Mangaging Gobalization
Daniel Altman

THE HIGH PRICE OF IGNORING LABOR IMMOBILITY

The International Herald Tribune's global economics columnist, Daniel Altman, recently moderated an online discussion between readers and Joseph Stiglitz, a recipient of the Nobel in economic science, professor at Columbia University and author of numerous articles and books on globalization.

What is the future of globalization where there is an increasingly greater disproportion between movements of capital and goods and that of people? Nabil El-Aid El-Othmani, Morocco

This disparity in the liberalization of capital and labor is a major problem. Enormous energy has been focused on facilitating the flows of investment and capital, while movements of labor remain highly restricted. This is so even though the gains to global economic efficiency from liberalizing labor flows are an order of magnitude greater than the gains from liberalizing capital flows. Liberalizing movement of short-term speculative capital has been associated with increased instability but does not bring enhanced economic growth. Premature capital market liberalization, for instance, was the basic cause of the East Asian crisis of 1997.

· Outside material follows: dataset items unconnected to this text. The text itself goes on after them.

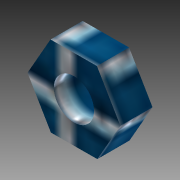
# Autodesk Inventor part: AA-Parafuso-M3-Porca
Saved by Autodesk Inventor 2014 SP1 (Build 180222100, 222)
## iProperties
Created: 2016-06-24
Part Number: AA-Parafuso-M3-Porca
Material: Genérico
Document SubType Name: Modeling
Designer: MarceloAdmin
Density: 1 g/cm^3
Appearance: Quadrado 1.5 pol - Azul médio
Author: MarceloAdmin
Autodesk Inventor part; units mm, degrees
ref_plane "YZ Plane" through (0, 0, 0) normal (1, 0, 0) x (0, 1, 0)
ref_plane "XZ Plane" through (0, 0, 0) normal (0, 1, 0) x (-1, 0, 0)
ref_plane "XY Plane" through (0, 0, 0) normal (0, 0, 1) x (1, 0, 0)
sketch "Esboço1" plane through (0, 0, 0) normal (0, 1, 0) x (-1, 0, 0)
  line L0 (1.716, -3.0092) -> (-1.7481, -2.9907)
  line L1 (-1.7481, -2.9907) -> (-3.4641, 0.0185)
  line L2 (-3.4641, 0.0185) -> (-1.716, 3.0092)
  line L3 (-1.716, 3.0092) -> (1.7481, 2.9907)
  line L4 (1.7481, 2.9907) -> (3.4641, -0.0185)
  line L5 (3.4641, -0.0185) -> (1.716, -3.0092)
  circle A0 centre (0, 0) radius 1.5
  dimension "d0" = 3
  dimension "d1" = 3
  constraints: 12 end point, 2 coincident, 1 centre point, 13 other
  measures "d0" diameter of A0
  measures "d1" distance from line of A0.centre L3
extrude "Extrusão1" add sketch "Esboço1" along normal blind 2.4
Autodesk Fusion 360 part; units mm, degrees
note: some values were not read from the file. Set by a fixed rule: which face or edge a step refers to.
(part 3 of 12)
  spline S7 degree 5 poles (4.6371, -4.3427) (4.637, -4.3399) (4.6367, -4.3344) (4.6362, -4.326) (4.6355, -4.3149) (4.6346, -4.3011) (4.6336, -4.2873) (4.6327, -4.2735) (4.6316, -4.2598) (4.6306, -4.2461) (4.6295, -4.2324) (4.6283, -4.2188) (4.6271, -4.2052) (4.6259, -4.1917) (4.6246, -4.1782) (4.6233, -4.1647) (4.622, -4.1512) (4.6206, -4.1378) (4.6192, -4.1244) (4.6177, -4.1111) (4.6162, -4.0978) (4.6146, -4.0846) (4.6131, -4.0713) (4.6114, -4.0582) (4.6098, -4.045) (4.6081, -4.0319) (4.6063, -4.0188) (4.6045, -4.0058) (4.6027, -3.9928) (4.6009, -3.9799) (4.599, -3.967) (4.597, -3.9541) (4.5951, -3.9413) (4.5931, -3.9285) (4.591, -3.9157) (4.589, -3.903) (4.5868, -3.8904) (4.5847, -3.8778) (4.5825, -3.8652) (4.5803, -3.8526) (4.578, -3.8401) (4.5757, -3.8277) (4.5734, -3.8153) (4.5711, -3.8029) (4.5687, -3.7906) (4.5662, -3.7783) (4.5638, -3.766) (4.5613, -3.7538) (4.5587, -3.7417) (4.5562, -3.7296) (4.5536, -3.7175) (4.5509, -3.7055) (4.5483, -3.6935) (4.5456, -3.6816) (4.5429, -3.6697) (4.5401, -3.6578) (4.5373, -3.646) (4.5345, -3.6343) (4.5316, -3.6226) (4.5287, -3.6109) (4.5258, -3.5993) (4.5229, -3.5877) (4.5199, -3.5762) (4.5169, -3.5647) (4.5139, -3.5533) (4.5108, -3.5419) (4.5077, -3.5306) (4.5046, -3.5193) (4.5014, -3.508) (4.4983, -3.4969) (4.495, -3.4857) (4.4918, -3.4746) (4.4886, -3.4636) (4.4853, -3.4526) (4.4819, -3.4416) (4.4786, -3.4307) (4.4752, -3.4199) (4.4718, -3.4091) (4.4684, -3.3983) (4.465, -3.3876) (4.4615, -3.377) (4.458, -3.3664) (4.4545, -3.3558) (4.4509, -3.3453) (4.4474, -3.3349) (4.4438, -3.3245) (4.4402, -3.3141) (4.4365, -3.3039) (4.4329, -3.2936) (4.4292, -3.2834) (4.4255, -3.2733) (4.4218, -3.2632) (4.418, -3.2532) (4.4143, -3.2432) (4.4105, -3.2333) (4.4067, -3.2234) (4.4028, -3.2136) (4.399, -3.2038) (4.3951, -3.1941) (4.3912, -3.1845) (4.3873, -3.1749) (4.3834, -3.1653) (4.3795, -3.1558) (4.3755, -3.1464) (4.3715, -3.137) (4.3676, -3.1277) (4.3635, -3.1184) (4.3595, -3.1092) (4.3555, -3.1) (4.3514, -3.0909) (4.3474, -3.0819) (4.3433, -3.0729) (4.3392, -3.064) (4.3351, -3.0551) (4.331, -3.0463) (4.3268, -3.0375) (4.3227, -3.0288) (4.3185, -3.0202) (4.3143, -3.0116) (4.3102, -3.003) (4.306, -2.9946) (4.3018, -2.9862) (4.2975, -2.9778) (4.2933, -2.9695) (4.2891, -2.9613) (4.2848, -2.9531) (4.2806, -2.945) (4.2763, -2.9369) (4.2721, -2.9289) (4.2678, -2.921) (4.2635, -2.9131) (4.2592, -2.9053) (4.2549, -2.8975) (4.2507, -2.8898) (4.2464, -2.8822) (4.2421, -2.8746) (4.2377, -2.8671) (4.2334, -2.8596) (4.2291, -2.8522) (4.2248, -2.8449) (4.2205, -2.8376) (4.2162, -2.8304) (4.2119, -2.8233) (4.2075, -2.8162) (4.2032, -2.8092) (4.1989, -2.8022) (4.1946, -2.7953) (4.1903, -2.7885) (4.186, -2.7817) (4.1817, -2.775) (4.1774, -2.7684) (4.1731, -2.7618) (4.1688, -2.7553) (4.1645, -2.7488) (4.1602, -2.7424) (4.1559, -2.7361) (4.1516, -2.7298) (4.1474, -2.7236) (4.1431, -2.7175) (4.1389, -2.7115) (4.1346, -2.7055) (4.1304, -2.6995) (4.1262, -2.6936) (4.122, -2.6878) (4.1178, -2.6821) (4.1136, -2.6764) (4.1095, -2.6708) (4.1053, -2.6653) (4.1012, -2.6598) (4.097, -2.6544) (4.0929, -2.6491) (4.0888, -2.6438) (4.0848, -2.6386) (4.0807, -2.6335) (4.0767, -2.6284) (4.0726, -2.6234) (4.0686, -2.6184) (4.0647, -2.6136) (4.0607, -2.6088) (4.0568, -2.604) (4.0529, -2.5994) (4.049, -2.5948) (4.0451, -2.5902) (4.0413, -2.5858) (4.0375, -2.5814) (4.0337, -2.577) (4.0299, -2.5728) (4.0262, -2.5686) (4.0225, -2.5645) (4.0188, -2.5604) (4.0152, -2.5565) (4.0116, -2.5525) (4.008, -2.5487) (4.0044, -2.5449) (4.0009, -2.5412) (3.9975, -2.5376) (3.994, -2.534) (3.9906, -2.5305) (3.9873, -2.5271) (3.9839, -2.5237) (3.9807, -2.5205) (3.9774, -2.5172) (3.9742, -2.5141) (3.9711, -2.511) (3.968, -2.508) (3.9649, -2.5051) (3.9619, -2.5022) (3.9589, -2.4994) (3.956, -2.4967) (3.9531, -2.4941) (3.9503, -2.4915) (3.9475, -2.489) (3.9448, -2.4865) (3.9421, -2.4842) (3.9395, -2.4819) (3.937, -2.4797) (3.9345, -2.4775) (3.9321, -2.4754) (3.9297, -2.4734) (3.9274, -2.4715) (3.9251, -2.4696) (3.9229, -2.4678) (3.9208, -2.4661) (3.9188, -2.4644) (3.9168, -2.4629) (3.9149, -2.4613) (3.9131, -2.4599) (3.9113, -2.4585) (3.9096, -2.4572) (3.908, -2.456) (3.9065, -2.4549) (3.905, -2.4538) (3.9036, -2.4528) (3.9023, -2.4518) (3.9011, -2.451) (3.9, -2.4502) (3.899, -2.4495) (3.8981, -2.4488) (3.8972, -2.4482) (3.8965, -2.4477) (3.8958, -2.4473) (3.8954, -2.447) (3.8951, -2.4468) (3.8949, -2.4467) (3.8949, -2.4466) knots -1 -1 -1 -1 -1 -1 -0.99583333 -0.99166667 -0.9875 -0.98333333 -0.97916667 -0.975 -0.97083333 -0.96666667 -0.9625 -0.95833333 -0.95416667 -0.95 -0.94583333 -0.94166667 -0.9375 -0.93333333 -0.92916667 -0.925 -0.92083333 -0.91666667 -0.9125 -0.90833333 -0.90416667 -0.9 -0.89583333 -0.89166667 -0.8875 -0.88333333 -0.87916667 -0.875 -0.87083333 -0.86666667 -0.8625 -0.85833333 -0.85416667 -0.85 -0.84583333 -0.84166667 -0.8375 -0.83333333 -0.82916667 -0.825 -0.82083333 -0.81666667 -0.8125 -0.80833333 -0.80416667 -0.8 -0.79583333 -0.79166667 -0.7875 -0.78333333 -0.77916667 -0.775 -0.77083333 -0.76666667 -0.7625 -0.75833333 -0.75416667 -0.75 -0.74583333 -0.74166667 -0.7375 -0.73333333 -0.72916667 -0.725 -0.72083333 -0.71666667 -0.7125 -0.70833333 -0.70416667 -0.7 -0.69583333 -0.69166667 -0.6875 -0.68333333 -0.67916667 -0.675 -0.67083333 -0.66666667 -0.6625 -0.65833333 -0.65416667 -0.65 -0.64583333 -0.64166667 -0.6375 -0.63333333 -0.62916667 -0.625 -0.62083333 -0.61666667 -0.6125 -0.60833333 -0.60416667 -0.6 -0.59583333 -0.59166667 -0.5875 -0.58333333 -0.57916667 -0.575 -0.57083333 -0.56666667 -0.5625 -0.55833333 -0.55416667 -0.55 -0.54583333 -0.54166667 -0.5375 -0.53333333 -0.52916667 -0.525 -0.52083333 -0.51666667 -0.5125 -0.50833333 -0.50416667 -0.5 -0.49583333 -0.49166667 -0.4875 -0.48333333 -0.47916667 -0.475 -0.47083333 -0.46666667 -0.4625 -0.45833333 -0.45416667 -0.45 -0.44583333 -0.44166667 -0.4375 -0.43333333 -0.42916667 -0.425 -0.42083333 -0.41666667 -0.4125 -0.40833333 -0.40416667 -0.4 -0.39583333 -0.39166667 -0.3875 -0.38333333 -0.37916667 -0.375 -0.37083333 -0.36666667 -0.3625 -0.35833333 -0.35416667 -0.35 -0.34583333 -0.34166667 -0.3375 -0.33333333 -0.32916667 -0.325 -0.32083333 -0.31666667 -0.3125 -0.30833333 -0.30416667 -0.3 -0.29583333 -0.29166667 -0.2875 -0.28333333 -0.27916667 -0.275 -0.27083333 -0.26666667 -0.2625 -0.25833333 -0.25416667 -0.25 -0.24583333 -0.24166667 -0.2375 -0.23333333 -0.22916667 -0.225 -0.22083333 -0.21666667 -0.2125 -0.20833333 -0.20416667 -0.2 -0.19583333 -0.19166667 -0.1875 -0.18333333 -0.17916667 -0.175 -0.17083333 -0.16666667 -0.1625 -0.15833333 -0.15416667 -0.15 -0.14583333 -0.14166667 -0.1375 -0.13333333 -0.12916667 -0.125 -0.12083333 -0.11666667 -0.1125 -0.10833333 -0.10416667 -0.1 -0.09583333 -0.09166667 -0.0875 -0.08333333 -0.07916667 -0.075 -0.07083333 -0.06666667 -0.0625 -0.05833333 -0.05416667 -0.05 -0.04583333 -0.04166667 -0.0375 -0.03333333 -0.02916667 -0.025 -0.02083333 -0.01666667 -0.0125 -0.00833333 -0.00416667 0 0 0 0 0 0
  line L14 (3.8949, -2.4466) -> (3.8941, -2.4462)
  line L15 (3.8941, -2.4462) -> (3.1172, -1.9582)
  arc A8 (3.1172, -1.9582) -> (3.5889, -0.8196) centre (0, 0) ccw
  line L16 (3.5889, -0.8196) -> (4.4833, -1.0239)
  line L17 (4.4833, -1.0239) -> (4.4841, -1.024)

This disparity has large distributional consequences. Because capital can move easily, it threatens to leave a country if it is taxed, or if wages are not tamed, or worker benefits are not cut. The disparity in liberalization is one of the reasons for the growing inequality in incomes that has marked most countries around the world. It is one of the reasons that even when globalization has brought increases in gross domestic product, it has led to the lowering of incomes of many workers.

There is a risk that unless globalization can be made more fair - so that there are more winners and fewer losers - there may well be backlash. We should remember that globalization is not inevitable. The degree of global integration, as measured, for instance, by the ratio of trade or capital flows to GDP, was higher before World War I than during the interwar period.

Poverty continues to remain a big problem in the emerging economies. Poverty alleviation programs have failed to lift millions from the grip of hunger and disease. How can we marry the goals of globalization with reducing poverty as the rich are getting richer with globalization while the poor remain where they are for centuries? Dev Chatterjee, India

Globalization can be made to work, and work in a way that the number of people in poverty is reduced. But it has not been working that way. These are among the central messages in my book "Making Globalization Work," where I spell out a wide agenda of what needs to be done. For instance, there is a rich trade agenda - going well beyond agriculture, on which the current set of global trade talks, known as the development round, seems to have become bogged down - that would help the poorest countries grow; but that agenda is a far cry from the trade agenda that America and Europe tried to sell as the development round.

We have the knowledge to deal with many of the diseases confronting the developing countries; but the trade-related intellectual property rights agreement, or TRIP, which was part of the Uruguay round, was designed to make generic medicines less accessible. The result was that thousands are dying unnecessarily because they cannot afford the brand-name medicines.

But the current system also provides little incentive for drug companies to do research on the diseases, like malaria, that are largely found in developing countries, simply because even if a cure or vaccine were found, those suffering from the disease would not have the money to pay the prices the drug companies would demand.

The current system clearly is not working. Again, there are alternative ways of financing research and the delivery of drugs, alternatives which are both more efficient and more equitable.

Has the World Bank changed since you were there, and if so, is it for better or for worse? Michel Monette, Canada

During my time there, the World Bank began to take on an advocacy role - advocating policies that are needed for the successful development of poor countries, even when they were opposed by some of the advanced industrial countries. It has continued to do that, notably in its opposition to agricultural subsidies by the United States and the European Union, which depress agricultural prices and so hurt the developing countries that depend on agriculture.

But a central achievement of this period was the recognition that successful development requires a comprehensive approach - there is no magic bullet. For instance, trade liberalization unaccompanied by policies that lead to new jobs replacing the old jobs that are lost may simply lead to growth in unemployment, not growth in GDP. We took a comprehensive approach to poverty as well, recognizing that the poor also lacked security and voice.

Today, it often seems that the only issue that the bank talks about is corruption. It sermonizes but does not have a comprehensive set of policies and approaches to attack it.

For instance, secrecy in Western banks facilitates this corruption. The Bush administration vetoed an effort by the Organization for Economic Cooperation and Development to circumscribe bank secrecy in August 2001; it then found that these secret bank accounts were also used by terrorists.

Since then, it has shown that bank secrecy can be effectively attacked, but the United States has only been willing to do so to curtail terrorism, not to curtail corruption. The World Bank should add its voice in criticism of the Bush administration's policies.

But even were it to succeed in addressing the corruption, that would not be sufficient to address poverty in the third world. Money can be spent honestly but incompetently; and even when money is well spent, unless there are appropriate institutions and policies in place, success will be limited.